Is it possible that she was actually eating her shed skin, not feces? They often eat their skin, but I've never seen a newt eat feces. What are you feeding them?
 
I have been feeding them newt and salamander bites. And yeah, it was feces. I saw it as she ate it. The poop had already broken up and she pounced on it like it was a bleeding worm. Will this make her sick?
 
I don't know what effect this would have on the animal's health. But I'd suggest substituting some real "bleeding worms" in place of the newt bites. I know that in mammals, eating feces can be a symptom of malnutrition.
 
The newt bites do not have enough in them for a newts nutritional needs. I'd suggest earth worms, or other live food... but be ware. Make sure you can keep feeding them live food (ie your source won't run out) because once they are fed live food there's no going back (in my experience).
 
I have no problem alternating frozen and live foods at home and at work.

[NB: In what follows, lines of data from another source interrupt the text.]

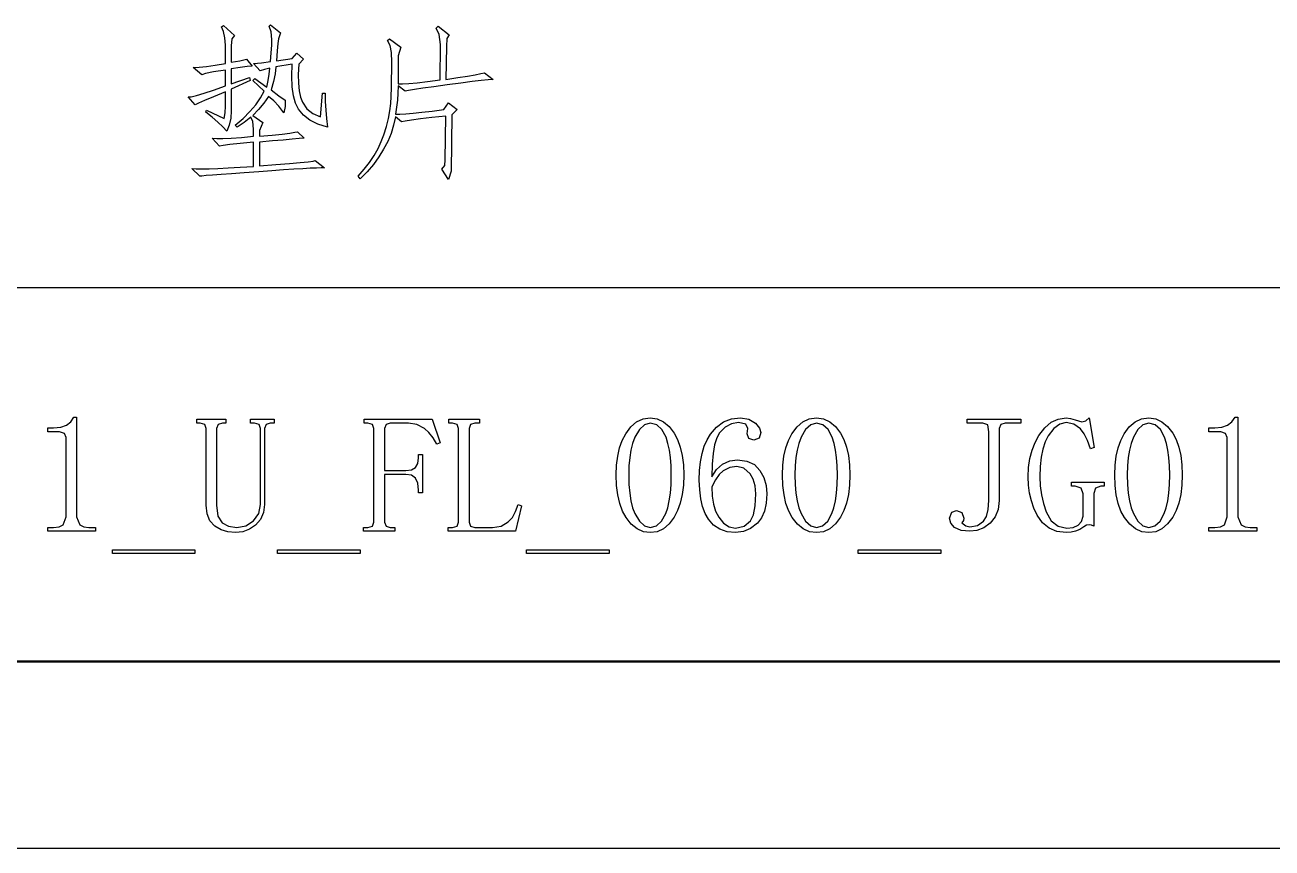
# Model space of a CAD drawing. Extents: x 0 to 420, y 0 to 297.
# Drawn here: x 328.81 to 362.2, y 0 to 22.04 of the extents above; entities that cross this region are included whole.
import ezdxf

# ---------------------------------------------------------------- set-up
doc = ezdxf.new("R2010")
doc.units = 0

msp = doc.modelspace()

# ---------------------------------------------------------------- linework, layer by layer
at = {"color": 7, "lineweight": 25}
for p, q in [((415, 15), (303, 15)), ((0, 0), (420, 0))]:
    msp.add_line(p, q, dxfattribs=at)
at = {"color": 7, "lineweight": 50}
for p, q in [((415, 5), (25, 5)), ((235, 5), (415, 5)), ((235, 5), (415, 5)), ((235, 5), (415, 5)), ((235, 5), (415, 5)), ((235, 5), (415, 5)), ((235, 5), (415, 5)), ((235, 5), (415, 5))]:
    msp.add_line(p, q, dxfattribs=at)
at = {"color": 7, "lineweight": 25}
for points in [[(335.179, 19.427), (335.092, 19.216), (335.092, 19.058), (335.43, 19.091), (335.701, 19.12), (335.904, 19.144), (336.04, 19.165), (336.109, 19.181), (336.285, 19.006), (336.153, 18.996), (335.967, 18.98), (335.729, 18.959), (335.437, 18.933), (335.092, 18.9), (335.092, 18.269), (335.533, 18.302), (335.897, 18.331), (336.184, 18.356), (336.394, 18.378), (336.527, 18.395), (336.583, 18.409), (336.829, 18.216), (336.74, 18.214), (336.614, 18.209), (336.45, 18.201), (336.25, 18.19), (336.012, 18.175), (335.736, 18.157), (335.424, 18.135), (335.074, 18.111), (334.681, 18.082), (334.344, 18.058), (334.062, 18.037), (333.837, 18.019), (333.667, 18.005), (333.553, 17.995), (333.495, 17.988), (333.285, 18.199), (333.396, 18.191), (333.548, 18.188), (333.742, 18.191), (333.978, 18.199), (334.255, 18.211), (334.574, 18.229), (334.934, 18.251), (334.934, 18.9), (334.574, 18.867), (334.302, 18.839), (334.118, 18.815), (334.022, 18.795), (333.829, 19.006), (333.946, 18.996), (334.115, 18.997), (334.336, 19.008), (334.609, 19.028), (334.934, 19.058), (334.934, 19.251), (334.916, 19.453), (334.864, 19.567), (334.684, 19.431), (334.495, 19.304), (334.443, 19.356), (334.653, 19.539), (334.836, 19.721), (334.99, 19.904), (335.116, 20.086), (335.215, 20.269), (334.916, 20.549), (334.969, 20.602), (335.285, 20.374), (335.326, 20.555), (335.355, 20.725), (335.372, 20.883), (335.228, 20.848), (335.109, 20.813), (334.934, 21.006), (335.144, 21.027), (335.39, 21.058), (335.409, 21.296), (335.421, 21.495), (335.425, 21.655), (335.408, 21.856), (335.355, 22.006), (335.39, 22.041), (335.653, 21.83), (335.6, 21.672), (335.587, 21.544), (335.569, 21.345), (335.548, 21.076), (335.969, 21.146), (336.092, 21.286), (336.267, 21.128), (336.144, 20.988), (336.131, 20.717), (336.135, 20.48), (336.154, 20.276), (336.189, 20.107), (336.241, 19.97), (336.361, 19.795), (336.522, 19.666), (336.723, 19.584), (336.776, 20.216), (336.846, 20.216), (336.85, 19.988), (336.864, 19.76), (336.886, 19.532), (336.916, 19.304), (336.657, 19.387), (336.44, 19.495), (336.267, 19.628), (336.136, 19.786), (336.059, 19.944), (336.004, 20.143), (335.97, 20.383), (335.959, 20.665), (335.969, 20.988), (335.53, 20.918), (335.509, 20.733), (335.468, 20.528), (335.408, 20.304), (335.614, 20.146), (335.776, 20.023), (335.776, 19.861), (335.741, 19.69), (335.61, 19.863), (335.476, 20.009), (335.337, 20.128), (335.205, 19.947), (335.064, 19.777), (334.916, 19.62)], [(334.846, 20.549), (334.337, 20.321), (334.337, 19.742), (334.324, 19.542), (334.283, 19.36), (334.215, 19.199), (334.107, 19.316), (333.978, 19.44), (333.826, 19.57), (333.653, 19.707), (333.671, 19.76), (334.144, 19.532), (334.171, 19.685), (334.179, 19.865), (334.179, 20.251), (333.859, 20.117), (333.618, 20.014), (333.456, 19.942), (333.372, 19.9), (333.179, 20.111), (333.264, 20.117), (333.407, 20.15), (333.607, 20.21), (333.864, 20.296), (334.179, 20.409), (334.179, 20.83), (333.86, 20.785), (333.649, 20.744), (333.548, 20.707), (333.32, 20.9), (333.479, 20.907), (333.675, 20.927), (333.909, 20.959), (334.179, 21.006), (334.179, 21.497), (334.168, 21.699), (334.133, 21.863), (334.074, 21.988), (334.127, 22.023), (334.425, 21.76), (334.35, 21.672), (334.337, 21.479), (334.337, 21.041), (334.57, 21.08), (334.741, 21.128), (334.899, 20.935), (334.758, 20.928), (334.571, 20.904), (334.337, 20.865), (334.337, 20.462), (334.829, 20.637)], [(338.574, 21.672), (338.872, 21.444), (338.802, 21.216), (338.802, 20.462), (338.92, 20.46), (339.091, 20.47), (339.316, 20.491), (339.593, 20.523), (339.925, 20.567), (339.942, 21.514), (339.903, 21.782), (339.819, 21.953), (339.872, 22.006), (340.17, 21.777), (340.109, 21.681), (340.1, 21.462), (340.083, 20.584), (340.399, 20.631), (340.661, 20.671), (340.868, 20.707), (341.02, 20.736), (341.118, 20.76), (341.346, 20.584), (341.218, 20.573), (341.031, 20.552), (340.786, 20.522), (340.481, 20.483), (340.118, 20.435), (339.758, 20.387), (339.466, 20.346), (339.242, 20.312), (339.085, 20.287), (338.995, 20.269), (338.802, 20.409), (338.797, 20.217), (338.784, 20.027), (338.762, 19.84), (338.732, 19.655), (338.851, 19.653), (339.009, 19.66), (339.205, 19.677), (339.441, 19.701), (339.716, 19.735), (340.03, 19.777), (340.153, 19.953), (340.381, 19.777), (340.24, 19.637), (340.223, 18.128), (340.153, 17.9), (339.977, 18.181), (340.052, 18.277), (340.065, 18.427), (340.083, 19.602), (339.709, 19.562), (339.403, 19.526), (339.165, 19.495), (338.993, 19.467), (338.89, 19.444), (338.732, 19.584), (338.682, 19.359), (338.613, 19.138), (338.524, 18.922), (338.416, 18.712), (338.288, 18.506), (338.14, 18.305), (337.972, 18.109), (337.784, 17.918), (337.732, 17.988), (337.892, 18.175), (338.035, 18.361), (338.159, 18.547), (338.266, 18.733), (338.354, 18.918), (338.425, 19.102), (338.491, 19.32), (338.544, 19.531), (338.583, 19.737), (338.607, 19.936), (338.618, 20.128), (338.622, 20.363), (338.626, 20.593), (338.631, 20.819), (338.635, 21.041), (338.626, 21.3), (338.588, 21.493), (338.521, 21.62)], [(330.195, 11.534), (330.195, 8.867), (330.283, 8.656), (330.388, 8.604), (330.528, 8.586), (330.704, 8.586), (330.704, 8.481), (329.423, 8.481), (329.423, 8.586), (329.581, 8.586), (329.732, 8.604), (329.835, 8.656), (329.914, 8.867), (329.914, 10.99), (329.87, 11.104), (329.739, 11.148), (329.423, 11.148), (329.423, 11.253), (329.581, 11.253), (329.772, 11.27), (329.923, 11.323), (330.039, 11.411), (330.125, 11.534)], [(334.486, 8.586), (334.729, 8.63), (334.933, 8.762), (335.072, 8.959), (335.118, 9.2), (335.118, 11.235), (335.082, 11.341), (334.96, 11.376), (334.854, 11.376), (334.854, 11.481), (335.486, 11.481), (335.486, 11.376), (335.381, 11.376), (335.267, 11.341), (335.223, 11.235), (335.223, 9.2), (335.197, 8.983), (335.118, 8.799), (334.986, 8.648), (334.821, 8.535), (334.643, 8.468), (334.451, 8.446), (334.249, 8.465), (334.065, 8.524), (333.898, 8.621), (333.767, 8.762), (333.688, 8.949), (333.661, 9.183), (333.661, 11.235), (333.626, 11.341), (333.504, 11.376), (333.416, 11.376), (333.416, 11.481), (334.188, 11.481), (334.188, 11.376), (334.1, 11.376), (333.986, 11.341), (333.942, 11.235), (333.942, 9.183), (333.979, 8.889), (334.091, 8.709), (334.264, 8.617)], [(338.716, 8.586), (338.716, 8.481), (337.874, 8.481), (337.874, 8.586), (337.997, 8.586), (338.12, 8.621), (338.155, 8.726), (338.155, 11.235), (338.12, 11.341), (337.997, 11.376), (337.892, 11.376), (337.892, 11.481), (339.716, 11.481), (339.927, 10.849), (339.839, 10.814), (339.74, 10.986), (339.628, 11.126), (339.506, 11.235), (339.304, 11.341), (339.085, 11.376), (338.593, 11.376), (338.479, 11.341), (338.435, 11.235), (338.435, 10.112), (339.014, 10.112), (339.166, 10.132), (339.269, 10.191), (339.328, 10.294), (339.348, 10.446), (339.348, 10.534), (339.453, 10.534), (339.453, 9.516), (339.348, 9.516), (339.348, 9.586), (339.328, 9.77), (339.269, 9.902), (339.166, 9.981), (339.014, 10.007), (338.435, 10.007), (338.435, 8.726), (338.479, 8.621), (338.593, 8.586)], [(340.701, 8.726), (340.745, 8.621), (340.859, 8.586), (341.332, 8.586), (341.56, 8.623), (341.753, 8.735), (341.861, 8.853), (341.948, 9.008), (342.017, 9.2), (342.104, 9.165), (341.946, 8.481), (340.139, 8.481), (340.139, 8.586), (340.262, 8.586), (340.385, 8.621), (340.42, 8.726), (340.42, 11.235), (340.385, 11.341), (340.262, 11.376), (340.157, 11.376), (340.157, 11.481), (340.981, 11.481), (340.981, 11.376), (340.859, 11.376), (340.745, 11.341), (340.701, 11.235)], [(345.555, 8.446), (345.369, 8.471), (345.199, 8.547), (345.045, 8.673), (344.906, 8.849), (344.811, 9.024), (344.737, 9.225), (344.685, 9.454), (344.653, 9.708), (344.642, 9.99), (344.653, 10.253), (344.683, 10.495), (344.734, 10.716), (344.805, 10.916), (344.897, 11.095), (345.033, 11.279), (345.189, 11.411), (345.362, 11.49), (345.555, 11.516), (345.74, 11.491), (345.908, 11.415), (346.06, 11.289), (346.195, 11.112), (346.287, 10.938), (346.358, 10.739), (346.409, 10.515), (346.439, 10.265), (346.449, 9.99), (346.439, 9.714), (346.409, 9.463), (346.358, 9.237), (346.287, 9.035), (346.195, 8.858), (346.06, 8.678), (345.908, 8.549), (345.74, 8.472)], [(345.555, 11.376), (345.4, 11.334), (345.262, 11.208), (345.142, 10.998), (345.082, 10.837), (345.036, 10.656), (345.003, 10.454), (344.982, 10.232), (344.976, 9.99), (344.982, 9.735), (345.003, 9.504), (345.036, 9.297), (345.082, 9.114), (345.142, 8.955), (345.262, 8.75), (345.4, 8.627), (345.555, 8.586), (345.718, 8.627), (345.855, 8.75), (345.967, 8.955), (346.021, 9.114), (346.062, 9.297), (346.092, 9.504), (346.11, 9.735), (346.116, 9.99), (346.111, 10.232), (346.094, 10.454), (346.066, 10.656), (346.026, 10.837), (345.976, 10.998), (345.867, 11.208), (345.726, 11.334)], [(347.885, 10.393), (348.139, 10.362), (348.341, 10.268), (348.49, 10.112), (348.592, 9.918), (348.654, 9.707), (348.674, 9.481), (348.658, 9.235), (348.61, 9.023), (348.531, 8.844), (348.42, 8.7), (348.241, 8.559), (348.045, 8.474), (347.832, 8.446), (347.609, 8.468), (347.415, 8.536), (347.25, 8.648), (347.113, 8.805), (347.024, 8.962), (346.955, 9.145), (346.906, 9.354), (346.877, 9.589), (346.867, 9.849), (346.875, 10.108), (346.9, 10.345), (346.942, 10.562), (347, 10.758), (347.074, 10.932), (347.165, 11.086), (347.328, 11.274), (347.516, 11.409), (347.731, 11.489), (347.972, 11.516), (348.194, 11.481), (348.367, 11.376), (348.479, 11.244), (348.516, 11.13), (348.472, 10.972), (348.323, 10.919), (348.192, 10.963), (348.148, 11.095), (348.157, 11.165), (348.165, 11.235), (348.113, 11.349), (347.92, 11.393), (347.731, 11.363), (347.561, 11.272), (347.411, 11.121), (347.335, 10.987), (347.276, 10.801), (347.234, 10.564), (347.209, 10.276), (347.2, 9.937), (347.325, 10.137), (347.49, 10.279), (347.681, 10.365)], [(350.004, 8.446), (349.819, 8.471), (349.649, 8.547), (349.494, 8.673), (349.355, 8.849), (349.26, 9.024), (349.186, 9.225), (349.134, 9.454), (349.102, 9.708), (349.092, 9.99), (349.102, 10.253), (349.132, 10.495), (349.183, 10.716), (349.254, 10.916), (349.346, 11.095), (349.483, 11.279), (349.638, 11.411), (349.811, 11.49), (350.004, 11.516), (350.189, 11.491), (350.357, 11.415), (350.509, 11.289), (350.644, 11.112), (350.736, 10.938), (350.807, 10.739), (350.858, 10.515), (350.888, 10.265), (350.899, 9.99), (350.888, 9.714), (350.858, 9.463), (350.807, 9.237), (350.736, 9.035), (350.644, 8.858), (350.509, 8.678), (350.357, 8.549), (350.189, 8.472)], [(350.004, 11.376), (349.849, 11.334), (349.711, 11.208), (349.592, 10.998), (349.532, 10.837), (349.485, 10.656), (349.452, 10.454), (349.432, 10.232), (349.425, 9.99), (349.432, 9.735), (349.452, 9.504), (349.485, 9.297), (349.532, 9.114), (349.592, 8.955), (349.711, 8.75), (349.849, 8.627), (350.004, 8.586), (350.167, 8.627), (350.304, 8.75), (350.416, 8.955), (350.47, 9.114), (350.512, 9.297), (350.541, 9.504), (350.559, 9.735), (350.565, 9.99), (350.56, 10.232), (350.543, 10.454), (350.515, 10.656), (350.475, 10.837), (350.425, 10.998), (350.316, 11.208), (350.175, 11.334)], [(354.614, 11.148), (354.588, 11.332), (354.457, 11.376), (354.035, 11.376), (354.035, 11.481), (355.474, 11.481), (355.474, 11.376), (355.053, 11.376), (354.939, 11.341), (354.895, 11.235), (354.895, 9.305), (354.868, 9.067), (354.786, 8.865), (354.65, 8.7), (354.48, 8.578), (354.299, 8.505), (354.106, 8.481), (353.873, 8.507), (353.702, 8.586), (353.597, 8.7), (353.562, 8.832), (353.623, 8.99), (353.755, 9.042), (353.895, 8.981), (353.948, 8.832), (353.939, 8.77), (353.895, 8.709), (354, 8.63), (354.106, 8.604), (354.312, 8.641), (354.474, 8.753), (354.552, 8.88), (354.599, 9.065), (354.614, 9.305)], [(356.687, 11.393), (356.516, 11.353), (356.355, 11.233), (356.204, 11.034), (356.125, 10.875), (356.064, 10.685), (356.02, 10.466), (355.994, 10.217), (355.985, 9.937), (355.995, 9.695), (356.027, 9.459), (356.079, 9.23), (356.152, 9.007), (356.287, 8.764), (356.471, 8.617), (356.704, 8.569), (356.877, 8.588), (357.011, 8.648), (357.101, 8.746), (357.143, 8.884), (357.143, 9.481), (357.09, 9.639), (356.932, 9.691), (356.827, 9.691), (356.827, 9.797), (357.704, 9.797), (357.704, 9.691), (357.617, 9.691), (357.476, 9.639), (357.424, 9.498), (357.424, 8.621), (357.362, 8.648), (357.301, 8.656), (357.231, 8.648), (357.16, 8.604), (357.053, 8.529), (356.941, 8.481), (356.82, 8.455), (356.687, 8.446), (356.441, 8.475), (356.231, 8.562), (356.055, 8.707), (355.915, 8.911), (355.826, 9.101), (355.758, 9.298), (355.708, 9.503), (355.679, 9.716), (355.669, 9.937), (355.681, 10.189), (355.715, 10.427), (355.773, 10.65), (355.854, 10.858), (355.959, 11.051), (356.113, 11.254), (356.285, 11.4), (356.477, 11.487), (356.687, 11.516), (356.801, 11.503), (356.932, 11.463), (357.108, 11.411), (357.213, 11.437), (357.301, 11.516), (357.441, 10.726), (357.336, 10.691), (357.26, 10.915), (357.172, 11.093), (357.073, 11.226), (356.897, 11.351)], [(358.899, 8.446), (358.714, 8.471), (358.544, 8.547), (358.389, 8.673), (358.25, 8.849), (358.155, 9.024), (358.082, 9.225), (358.029, 9.454), (357.998, 9.708), (357.987, 9.99), (357.997, 10.253), (358.028, 10.495), (358.079, 10.716), (358.15, 10.916), (358.241, 11.095), (358.378, 11.279), (358.533, 11.411), (358.707, 11.49), (358.899, 11.516), (359.084, 11.491), (359.252, 11.415), (359.404, 11.289), (359.54, 11.112), (359.631, 10.938), (359.702, 10.739), (359.753, 10.515), (359.784, 10.265), (359.794, 9.99), (359.784, 9.714), (359.753, 9.463), (359.702, 9.237), (359.631, 9.035), (359.54, 8.858), (359.404, 8.678), (359.252, 8.549), (359.084, 8.472)], [(358.899, 11.376), (358.744, 11.334), (358.607, 11.208), (358.487, 10.998), (358.427, 10.837), (358.38, 10.656), (358.347, 10.454), (358.327, 10.232), (358.32, 9.99), (358.327, 9.735), (358.347, 9.504), (358.38, 9.297), (358.427, 9.114), (358.487, 8.955), (358.607, 8.75), (358.744, 8.627), (358.899, 8.586), (359.062, 8.627), (359.2, 8.75), (359.312, 8.955), (359.365, 9.114), (359.407, 9.297), (359.437, 9.504), (359.455, 9.735), (359.461, 9.99), (359.455, 10.232), (359.438, 10.454), (359.41, 10.656), (359.371, 10.837), (359.32, 10.998), (359.211, 11.208), (359.071, 11.334)], [(361.282, 11.534), (361.282, 8.867), (361.37, 8.656), (361.475, 8.604), (361.615, 8.586), (361.791, 8.586), (361.791, 8.481), (360.51, 8.481), (360.51, 8.586), (360.668, 8.586), (360.819, 8.604), (360.922, 8.656), (361.001, 8.867), (361.001, 10.99), (360.957, 11.104), (360.826, 11.148), (360.51, 11.148), (360.51, 11.253), (360.668, 11.253), (360.859, 11.27), (361.01, 11.323), (361.126, 11.411), (361.212, 11.534)], [(347.2, 9.674), (347.212, 9.425), (347.246, 9.207), (347.304, 9.018), (347.385, 8.858), (347.516, 8.697), (347.665, 8.601), (347.832, 8.569), (348.064, 8.617), (348.235, 8.762), (348.313, 8.927), (348.36, 9.167), (348.376, 9.481), (348.359, 9.697), (348.31, 9.879), (348.227, 10.025), (348.062, 10.169), (347.867, 10.218), (347.681, 10.189), (347.507, 10.104), (347.399, 10.005), (347.297, 9.862)], [(331.153, 7.884), (331.153, 7.99), (333.363, 7.99), (333.363, 7.884)], [(335.576, 7.884), (335.576, 7.99), (337.786, 7.99), (337.786, 7.884)], [(342.239, 7.884), (342.239, 7.99), (344.449, 7.99), (344.449, 7.884)], [(351.123, 7.884), (351.123, 7.99), (353.334, 7.99), (353.334, 7.884)]]:
    msp.add_lwpolyline(points, close=True, dxfattribs=at)

doc.saveas('drawing.dxf')

I'll have to look at the analysis of the newt bites to see what it has in them.

Ed
 
I bought the HBH newt bites too and if you read the ingredients, they are full of "fillers" (corn meal, fish meal, flour, pea powder....not the most nutritious stuff. My newts love live blackworms (and have gotten rather soiled on them). I've found they don't respond as well to other things (frozen blood worms), but they will eat them. Try those, you can find frozen blood worms in pet stores and a good shop will also carry live blackworms.
 
Off the cuff, I would have to point out that these are digestiable fillers and I am not sure why they are not being considered nutritious.

Ed
 
all caudates are entirely carnivorous from the day they are born. any food containing cereal or vegetable matter is alien to them and should not be given. in order to remain in a good state of health they should be given a varied and as close to natural as possible diet. if people find this difficult to provide purely out of convenience, perhaps they're better off with a hamster. after all these creatures have taken millenia to evolve in order to fill a particular niche in nature.
 
Despite the the nutritional impact, who can get a newt to "bite" the "newt bites" pellets....I think they are a poor choice all around due to the simple fact most species I have kept never went for them. I use Ragen sinking pellets and most of the species I have ate them readily.
It's good to try different foods (live, frozen, pellet) in order to know what they will eat, so if one food source dries up temporarily, you have another to fall back on. I have heard colonies kept at universities and zoo's being fed one or two food types to captive caudates that lived for years.
I believe that article was written a while back and was only referring to 2 types of pellet foods. There are commercial soft, sinking, fish pellets used for bottom feeding fish that are easily taken by aquatic caudates. Trout chow was a popular one years ago(I don't think it was soft) and some aquatic species accepted it. I like how the author rates beef heart, which I hold a different opinion. I would like to see the research on the effects of mammalian protein and caudates in regard to fat deposits (why this is a physiologic "hazard"). I thought caudates had ways to store fat in times of abundance for future times of diminished food supply.
 
snip "all caudates are entirely carnivorous from the day they are born." endsnip

True
snip "any food containing cereal or vegetable matter is alien to them and should not be given endsnip

Not true, if you look at the literature for contents of digestive tracts of caudates (and aquatic species in particular) you will discover that plant matter is often accidently ingested when feeding. Now it is true that plant matter ingested in this fashion is poorly digested by carnivores as they lack the necessary enzymes/symbiotes to break down the plant's cell walls however this is not a problem with pellets which are extruded as the extrusion process will rupture all of the cell walls.
This disruption allows the protiens in the plants to be made available to the newts. As plant protiens just like animal protiens are made up of amino acid chains in various forms, they respond to digestion allowing for the caudate to gain nutrition from the pellet. This is why I have to disagree about there being no nutrition in the pellet. Now I will agree that these pellets may not be sufficiently palatable that the animals will eat them, but this doesn't have any bearing on how nutritious the pellet is for the newt.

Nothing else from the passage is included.